Tuesday, December 15, 2009

Brief Chronicles' not-so-brief editorial team


If you haven't yet taken a look at the new Shakespeare authorship studies journal, Brief Chronicles it's well worth the time. (Its peer-reviewed contents are also free and open to anyone on the web, with monetary donations encouraged but not required.)

As the authorship heresy continues to wind its way into academia, it gains new (credentialed) experts who can bring their own brand of multi-disciplinary studies into the investigation.

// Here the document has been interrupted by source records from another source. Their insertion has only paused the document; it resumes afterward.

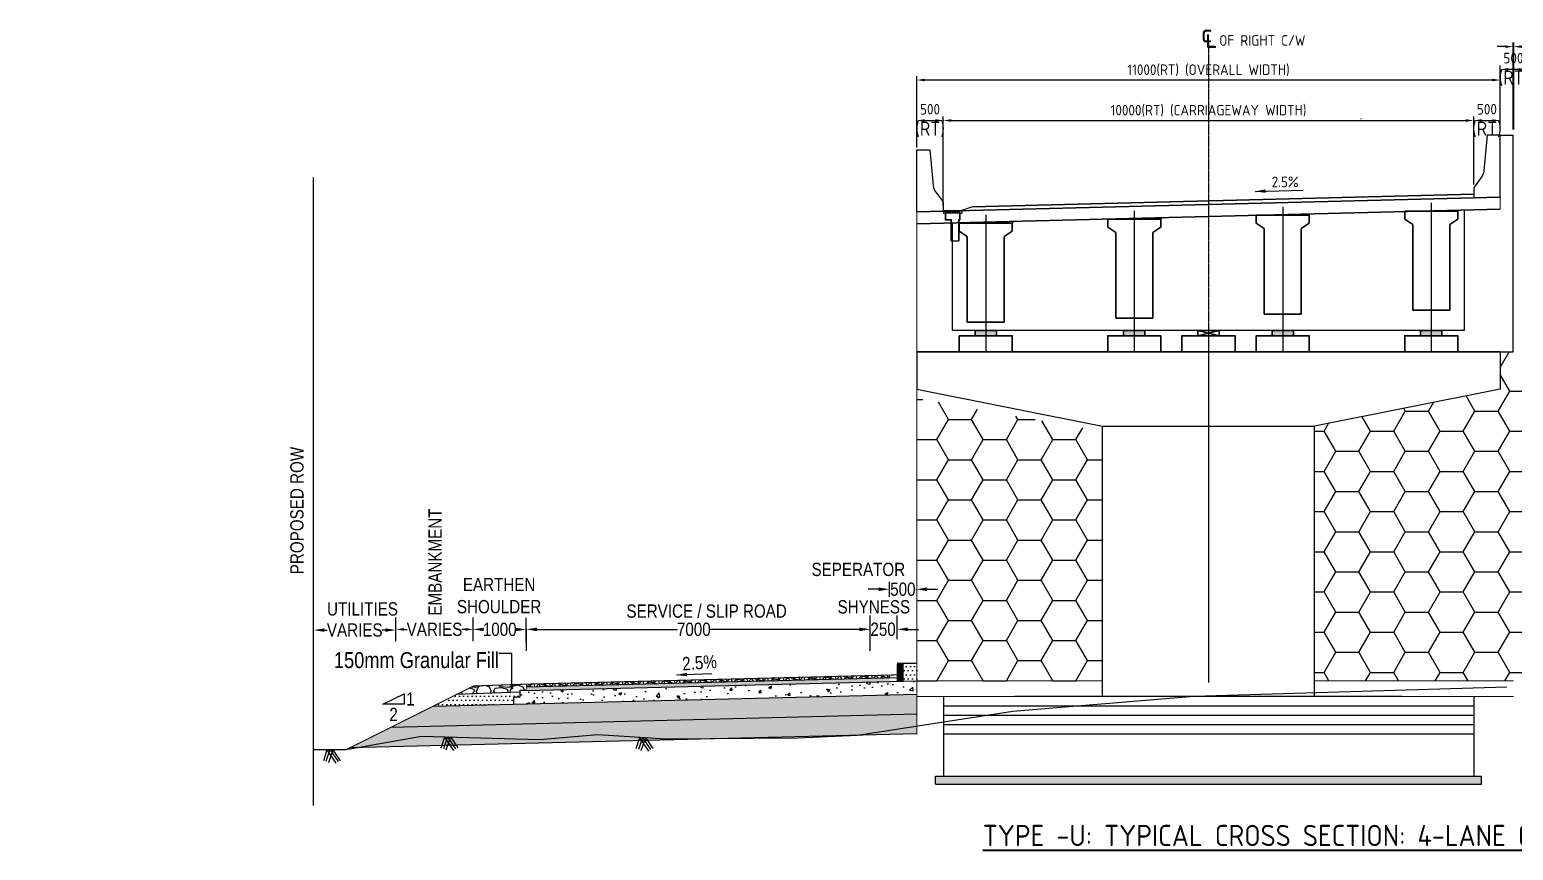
# Model space of a CAD drawing. Header units: millimetres. Extents: x 207528 to 778454, y -364692 to 101323.
# Drawn here: x 318578 to 346554, y -364692 to -349217 of the extents above; entities that cross this region are included whole.
import ezdxf

# ---------------------------------------------------------------- set-up
doc = ezdxf.new("R2010")
doc.units = ezdxf.units.MM
doc.linetypes.add('CENTER', pattern=[2, 1.25, -0.25, 0.25, -0.25])
for name, color, linetype in [('CEN', 181, 'CENTER'), ('Dim', 253, 'Continuous'), ('Dimension', 253, 'Continuous'), ('hatch', 253, 'Continuous'), ('Proposed ROW', 241, 'MNEW'), ('Structure Main', 3, 'Continuous'), ('Structure Outer', 7, 'Continuous')]:
    doc.layers.add(name, color=color, linetype=linetype)
for name, color, linetype, lineweight in [('STRUCTURAL', 7, 'Continuous', 0), ('Structure', 7, 'Continuous', 30), ('Text large', 7, 'Continuous', 40), ('Text small', 1, 'Continuous', 20)]:
    doc.layers.add(name, color=color, linetype=linetype, lineweight=lineweight)
doc.styles.add('DIM', font='ARIALN.TTF', dxfattribs={"height": 250})
doc.styles.add('ISO75', font='isocp.shx', dxfattribs={"height": 150})
doc.styles.add('isocp 100', font='isocp.shx', dxfattribs={"height": 200})
doc.styles.get("Standard").update_dxf_attribs({"font": 'arial.ttf'})
doc.linetypes.add('MNEW', pattern='A,26.152623,-1.048632,["PROW",Standard,S=1.75,R=0,X=0,Y=-0.975095],-7.693777,26.152623', length=61.047655)
doc.dimstyles.new('DIM', dxfattribs={"dimtxt": 250, "dimasz": 200, "dimexe": 0.18, "dimexo": 0.0625, "dimgap": 0.09, "dimtad": 0, "dimtih": 1, "dimtoh": 1, "dimdec": 0, "dimzin": 0, "dimdsep": 46, "dimtxsty": 'DIM', "dimcen": 0.09, "dimclrd": 256, "dimclrt": 7, "dimadec": 0, "dimazin": 0, "dimtfac": 1, "dimtdec": 0, "dimtofl": 0, "dimtmove": 0, "dimatfit": 3, "dimfxl": 1, "dimtolj": 1, "dimtzin": 0, "dimarcsym": 0})
doc.dimstyles.new('ISO75', dxfattribs={"dimscale": 75, "dimtxt": 150, "dimasz": 2, "dimexe": 1, "dimexo": 1, "dimgap": 1, "dimtad": 1, "dimdec": 0, "dimdsep": 46, "dimtxsty": 'ISO75', "dimcen": 0.5, "dimclrd": 47, "dimclre": 47, "dimclrt": 1, "dimadec": 0, "dimazin": 0, "dimtfac": 1, "dimtdec": 0, "dimtmove": 0, "dimatfit": 3, "dimfxl": 1, "dimtolj": 1, "dimtzin": 0, "dimarcsym": 0})
doc.dimstyles.new('new', dxfattribs={"dimtxt": 150, "dimasz": 150, "dimexe": 100, "dimexo": 0.1, "dimgap": 0.09, "dimtad": 0, "dimtih": 1, "dimtoh": 1, "dimdec": 0, "dimzin": 0, "dimdsep": 46, "dimtxsty": 'DIM', "dimcen": 0.09, "dimclrd": 256, "dimclrt": 252, "dimadec": 0, "dimazin": 0, "dimtfac": 1, "dimtdec": 0, "dimtofl": 0, "dimtmove": 0, "dimatfit": 3, "dimfxl": 1, "dimtolj": 1, "dimtzin": 0, "dimlwd": -1, "dimarcsym": 0})
doc.dimstyles.new('NH30A_100', dxfattribs={"dimscale": 100, "dimtxt": 2, "dimasz": 2, "dimexe": 1, "dimexo": 1, "dimgap": 1, "dimtad": 1, "dimdec": 0, "dimdsep": 46, "dimtxsty": 'isocp 100', "dimcen": 0.5, "dimclrd": 47, "dimclre": 47, "dimclrt": 1, "dimadec": 0, "dimazin": 0, "dimtfac": 1, "dimtdec": 0, "dimtmove": 0, "dimatfit": 3, "dimfxl": 1, "dimtolj": 1, "dimtzin": 0, "dimarcsym": 0})

# ---------------------------------------------------------------- blocks, each defined once
blk = doc.blocks.new('*D559')
at = {"layer": 'Defpoints', "color": 0, "transparency": 16777216}
for p in [(335306, -350167), (346306, -351173), (335306, -351517)]:
    blk.add_point(p, dxfattribs=at)
at = {"layer": 'Dim', "color": 47, "lineweight": -2, "transparency": 16777216}
for p, q in [((335306, -351442), (335306, -350092)), ((346156, -350167), (335456, -350167)), ((346306, -351098), (346306, -350092))]:
    blk.add_line(p, q, dxfattribs=at)
at = {"layer": 'Dim', "color": 47, "transparency": 16777216}
for points in [[(335456, -350142), (335456, -350192), (335306, -350167)], [(346156, -350142), (346156, -350192), (346306, -350167)]]:
    blk.add_solid(points, dxfattribs=at)
at = {"layer": 'Dim', "color": 1, "transparency": 16777216, "insert": (340806, -349982), "char_height": 150, "attachment_point": 5, "style": 'ISO75'}
blk.add_mtext('\\A1;{\\H1.33333x;11000(RT) (OVERALL WIDTH)}', dxfattribs=at)
blk = doc.blocks.new('*D560')
at = {"layer": 'Defpoints', "color": 0, "transparency": 16777216}
for p in [(335806, -350930), (335306, -351517), (335806, -352606)]:
    blk.add_point(p, dxfattribs=at)
at = {"layer": 'Dim', "color": 47, "lineweight": -2, "transparency": 16777216}
for p, q in [((335306, -351442), (335306, -350855)), ((335456, -350930), (335656, -350930)), ((335806, -352531), (335806, -350855))]:
    blk.add_line(p, q, dxfattribs=at)
at = {"layer": 'Dim', "color": 47, "transparency": 16777216}
for points in [[(335456, -350905), (335456, -350955), (335306, -350930)], [(335656, -350905), (335656, -350955), (335806, -350930)]]:
    blk.add_solid(points, dxfattribs=at)
at = {"layer": 'Dim', "color": 1, "transparency": 16777216, "insert": (335556, -350930), "char_height": 150, "attachment_point": 5, "style": 'ISO75'}
blk.add_mtext('\\A1;{\\H1.33333x;500\\P{\\H1.33333x;(RT)}}', dxfattribs=at)
blk = doc.blocks.new('*D561')
at = {"layer": 'Defpoints', "color": 0, "transparency": 16777216}
for p in [(345807, -350930), (345807, -352213), (335806, -352606)]:
    blk.add_point(p, dxfattribs=at)
at = {"layer": 'Dim', "color": 47, "lineweight": -2, "transparency": 16777216}
for p, q in [((335806, -352531), (335806, -350855)), ((335956, -350930), (345657, -350930)), ((345807, -352138), (345807, -350855))]:
    blk.add_line(p, q, dxfattribs=at)
at = {"layer": 'Dim', "color": 47, "transparency": 16777216}
for points in [[(335956, -350905), (335956, -350955), (335806, -350930)], [(345657, -350905), (345657, -350955), (345807, -350930)]]:
    blk.add_solid(points, dxfattribs=at)
at = {"layer": 'Dim', "color": 1, "transparency": 16777216, "insert": (340806, -350745), "char_height": 150, "attachment_point": 5, "style": 'ISO75'}
blk.add_mtext('\\A1;{\\H1.33333x;10000(RT) (CARRIAGEWAY WIDTH)}', dxfattribs=at)
blk = doc.blocks.new('*D562')
at = {"layer": 'Defpoints', "color": 0, "transparency": 16777216}
for p in [(346306, -350930), (346306, -351173), (345807, -352188)]:
    blk.add_point(p, dxfattribs=at)
at = {"layer": 'Dim', "color": 47, "lineweight": -2, "transparency": 16777216}
for p, q in [((345807, -352113), (345807, -350855)), ((345957, -350930), (346156, -350930)), ((346306, -351098), (346306, -350855))]:
    blk.add_line(p, q, dxfattribs=at)
at = {"layer": 'Dim', "color": 47, "transparency": 16777216}
for points in [[(345957, -350905), (345957, -350955), (345807, -350930)], [(346156, -350905), (346156, -350955), (346306, -350930)]]:
    blk.add_solid(points, dxfattribs=at)
at = {"layer": 'Dim', "color": 1, "transparency": 16777216, "insert": (346056, -350930), "char_height": 150, "attachment_point": 5, "style": 'ISO75'}
blk.add_mtext('\\A1;{\\H1.33333x;500\\P{\\H1.33333x;(RT)}}', dxfattribs=at)
blk = doc.blocks.new('HFHGHFGH')
at = {"color": 1}
for p, q in [((151681, 917410), (152030, 917410)), ((151681, 917396), (151681, 917359)), ((151681, 917396), (151715, 917396)), ((151681, 917359), (151715, 917359)), ((151715, 917410), (151715, 917396)), ((151715, 917359), (151715, 917234)), ((151723, 917410), (151723, 917242)), ((151723, 917367), (151987, 917367)), ((151754, 917410), (151754, 917376)), ((151754, 917376), (151770, 917376)), ((151770, 917410), (151770, 917376)), ((151801, 917410), (151801, 917376)), ((151801, 917376), (151817, 917376)), ((151817, 917410), (151817, 917376)), ((151847, 917410), (151847, 917376)), ((151847, 917376), (151863, 917376)), ((151863, 917410), (151863, 917376)), ((151894, 917410), (151894, 917376)), ((151894, 917376), (151910, 917376)), ((151910, 917410), (151910, 917376)), ((151941, 917410), (151941, 917376)), ((151941, 917376), (151957, 917376)), ((151957, 917410), (151957, 917376)), ((151987, 917410), (151987, 917242)), ((151995, 917359), (151995, 917234)), ((151995, 917359), (152030, 917359)), ((152030, 917410), (152030, 917359)), ((151715, 917234), (151829, 917234)), ((151723, 917242), (151810, 917242)), ((151810, 917242), (151837, 917242)), ((151829, 916840), (151829, 917234)), ((151837, 916840), (151837, 917242)), ((151970, 916840), (151970, 917242)), ((151970, 917242), (151987, 917242)), ((151978, 917234), (151995, 917234)), ((151978, 916840), (151978, 917234)), ((151829, 916840), (151978, 916840))]:
    blk.add_line(p, q, dxfattribs=at)
blk = doc.blocks.new('*D563')
at = {"layer": 'Defpoints', "color": 0, "transparency": 16777216}
for p in [(346306, -349967), (346306, -351207), (346806, -351207)]:
    blk.add_point(p, dxfattribs=at)
at = {"layer": 'Dim', "color": 47, "lineweight": -2, "transparency": 16777216}
for p, q in [((346306, -351132), (346306, -349892)), ((346656, -349967), (346456, -349967)), ((346806, -351132), (346806, -349892))]:
    blk.add_line(p, q, dxfattribs=at)
at = {"layer": 'Dim', "color": 47, "transparency": 16777216}
for points in [[(346456, -349942), (346456, -349992), (346306, -349967)], [(346656, -349942), (346656, -349992), (346806, -349967)]]:
    blk.add_solid(points, dxfattribs=at)
at = {"layer": 'Dim', "color": 1, "transparency": 16777216, "insert": (346556, -349967), "char_height": 150, "attachment_point": 5, "style": 'ISO75'}
blk.add_mtext('\\A1;{\\H1.33333x;500\\P{\\H1.33333x;(RT)}}', dxfattribs=at)
blk = doc.blocks.new('*D564')
at = {"layer": 'Defpoints', "color": 0, "transparency": 16777216}
for p in [(346561, -349537), (346551, -351173), (346561, -351173)]:
    blk.add_point(p, dxfattribs=at)
at = {"layer": 'Dim', "color": 47, "lineweight": -2, "transparency": 16777216}
for p, q in [((346401, -349537), (346251, -349537)), ((346551, -351098), (346551, -349462)), ((346551, -349537), (346561, -349537)), ((346561, -351098), (346561, -349462)), ((346711, -349537), (348166, -349537))]:
    blk.add_line(p, q, dxfattribs=at)
at = {"layer": 'Dim', "color": 47, "transparency": 16777216}
for points in [[(346401, -349512), (346401, -349562), (346551, -349537)], [(346711, -349512), (346711, -349562), (346561, -349537)]]:
    blk.add_solid(points, dxfattribs=at)
at = {"layer": 'Dim', "color": 1, "transparency": 16777216, "insert": (347514, -349380), "char_height": 150, "width": 159266.94, "attachment_point": 5, "style": 'ISO75'}
blk.add_mtext('\\A1;10 (EXP. GAP)', dxfattribs=at)
blk = doc.blocks.new('GRD')
at = {"layer": 'Structure'}
for p, q in [((112852, 216703), (111852, 216703)), ((111852, 216703), (111852, 216553)), ((112002, 216453), (111852, 216553)), ((112702, 216453), (112852, 216553)), ((112852, 216703), (112878, 216729)), ((112852, 216703), (112852, 216553)), ((112002, 216453), (112002, 214838)), ((112702, 216453), (112702, 214838)), ((112702, 214838), (112002, 214838))]:
    blk.add_line(p, q, dxfattribs=at)
blk = doc.blocks.new('*D650')
at = {"layer": 'Defpoints', "color": 0, "transparency": 16777216}
for p in [(335299, -359769), (334788, -360117), (335299, -360117)]:
    blk.add_point(p, dxfattribs=at)
at = {"layer": 'Dim', "lineweight": -2, "transparency": 16777216}
for p, q in [((334588, -359769), (334388, -359769)), ((335499, -359769), (335699, -359769))]:
    blk.add_line(p, q, dxfattribs=at)
at = {"layer": 'Dim', "color": 0, "lineweight": -2, "transparency": 16777216}
for p, q in [((334788, -359771), (334788, -359769)), ((335299, -359771), (335299, -359769))]:
    blk.add_line(p, q, dxfattribs=at)
at = {"layer": 'Dim', "transparency": 16777216}
for points in [[(334588, -359736), (334588, -359803), (334788, -359769)], [(335499, -359736), (335499, -359803), (335299, -359769)]]:
    blk.add_solid(points, dxfattribs=at)
at = {"layer": 'Dim', "color": 7, "transparency": 16777216, "insert": (335043, -359769), "char_height": 250, "attachment_point": 5, "style": 'DIM'}
blk.add_mtext('\\A1;500', dxfattribs=at)
blk = doc.blocks.new('*D651')
at = {"layer": 'Defpoints', "color": 0, "transparency": 16777216}
for p in [(327944, -360526), (327944, -360928), (334427, -360928)]:
    blk.add_point(p, dxfattribs=at)
at = {"layer": 'Dim', "color": 0, "lineweight": -2, "transparency": 16777216}
for p, q in [((327944, -360928), (327944, -360526)), ((334427, -360928), (334427, -360526))]:
    blk.add_line(p, q, dxfattribs=at)
at = {"layer": 'Dim', "lineweight": -2, "transparency": 16777216}
for p, q in [((328144, -360526), (330796, -360526)), ((334227, -360526), (331406, -360526))]:
    blk.add_line(p, q, dxfattribs=at)
at = {"layer": 'Dim', "transparency": 16777216}
for points in [[(328144, -360493), (328144, -360559), (327944, -360526)], [(334227, -360493), (334227, -360559), (334427, -360526)]]:
    blk.add_solid(points, dxfattribs=at)
at = {"layer": 'Dim', "color": 7, "transparency": 16777216, "insert": (331101, -360526), "char_height": 250, "attachment_point": 5, "style": 'DIM'}
blk.add_mtext('\\A1;7000', dxfattribs=at)
blk = doc.blocks.new('*D652')
at = {"layer": 'Defpoints', "color": 0, "transparency": 16777216}
for p in [(323933, -360482), (323933, -360539), (325484, -360525)]:
    blk.add_point(p, dxfattribs=at)
at = {"layer": 'Dimension', "color": 0, "lineweight": -2, "transparency": 16777216}
for p, q in [((323933, -360538), (323933, -360539)), ((325484, -360538), (325484, -360539))]:
    blk.add_line(p, q, dxfattribs=at)
at = {"layer": 'Dimension', "lineweight": -2, "transparency": 16777216}
for p, q in [((324133, -360539), (324191, -360539)), ((325284, -360539), (325225, -360539))]:
    blk.add_line(p, q, dxfattribs=at)
at = {"layer": 'Dimension', "transparency": 16777216}
for points in [[(324133, -360506), (324133, -360572), (323933, -360539)], [(325284, -360506), (325284, -360572), (325484, -360539)]]:
    blk.add_solid(points, dxfattribs=at)
at = {"layer": 'Dimension', "color": 7, "transparency": 16777216, "insert": (324708, -360539), "char_height": 250, "attachment_point": 5, "style": 'DIM'}
blk.add_mtext('\\A1;VARIES', dxfattribs=at)
blk = doc.blocks.new('*D653')
at = {"layer": 'Defpoints', "color": 0, "transparency": 16777216}
for p in [(334935, -360525), (334425, -360842), (334935, -360842)]:
    blk.add_point(p, dxfattribs=at)
at = {"layer": 'Dim', "lineweight": -2, "transparency": 16777216}
for p, q in [((334225, -360525), (334025, -360525)), ((335135, -360525), (335335, -360525))]:
    blk.add_line(p, q, dxfattribs=at)
at = {"layer": 'Dim', "color": 0, "lineweight": -2, "transparency": 16777216}
for p, q in [((334425, -360526), (334425, -360525)), ((334935, -360526), (334935, -360525))]:
    blk.add_line(p, q, dxfattribs=at)
at = {"layer": 'Dim', "transparency": 16777216}
for points in [[(334225, -360491), (334225, -360558), (334425, -360525)], [(335135, -360491), (335135, -360558), (334935, -360525)]]:
    blk.add_solid(points, dxfattribs=at)
at = {"layer": 'Dim', "color": 7, "transparency": 16777216, "insert": (334670, -360525), "char_height": 250, "attachment_point": 5, "style": 'DIM'}
blk.add_mtext('\\A1;250', dxfattribs=at)
blk = doc.blocks.new('*D654')
at = {"layer": 'Defpoints', "color": 0, "transparency": 16777216}
for p in [(326941, -360525), (326941, -360525), (327940, -360529)]:
    blk.add_point(p, dxfattribs=at)
at = {"layer": 'Dim', "color": 0, "lineweight": -2, "transparency": 16777216}
for p, q in [((326941, -360526), (326941, -360526)), ((327940, -360529), (327940, -360529))]:
    blk.add_line(p, q, dxfattribs=at)
at = {"layer": 'Dim', "lineweight": -2, "transparency": 16777216}
for p, q in [((327141, -360526), (327144, -360526)), ((327740, -360528), (327737, -360528))]:
    blk.add_line(p, q, dxfattribs=at)
at = {"layer": 'Dim', "transparency": 16777216}
for points in [[(327141, -360493), (327141, -360560), (326941, -360525)], [(327741, -360495), (327740, -360562), (327940, -360529)]]:
    blk.add_solid(points, dxfattribs=at)
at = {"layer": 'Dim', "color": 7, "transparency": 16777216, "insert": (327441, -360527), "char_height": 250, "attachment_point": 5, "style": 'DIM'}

Today, for instance, the journal's editorial board welcomed six new members, among them published experts in textual dating and the history of anonymous publication as well as a legal consultant in forensic linguistics -- who has helped to established authorship of disputed documents in courtrooms in the United States, Canada and the Hague.

Looking good, folks. It's great to see the standard -- and standards -- being raised.

Tuesday, December 08, 2009

Stratfordian quote, offered without comment


"If you were to construct a biography which ticked all the boxes -- if you were to read Shakespeare’s plays and infer a biography from it -- it wouldn’t be Rowe’s [1709 biography of Will Shakspere], it would actually be the Earl of Oxford’s."

--Graham Holderness, University of Hertfordshire, editor Critical Survey

(Holderness reportedly made this statement at the Nov. 28 symposium "Shakespeare: From Rowe to Shapiro" at Shakespeare's Globe in London. Originally reported here and here.)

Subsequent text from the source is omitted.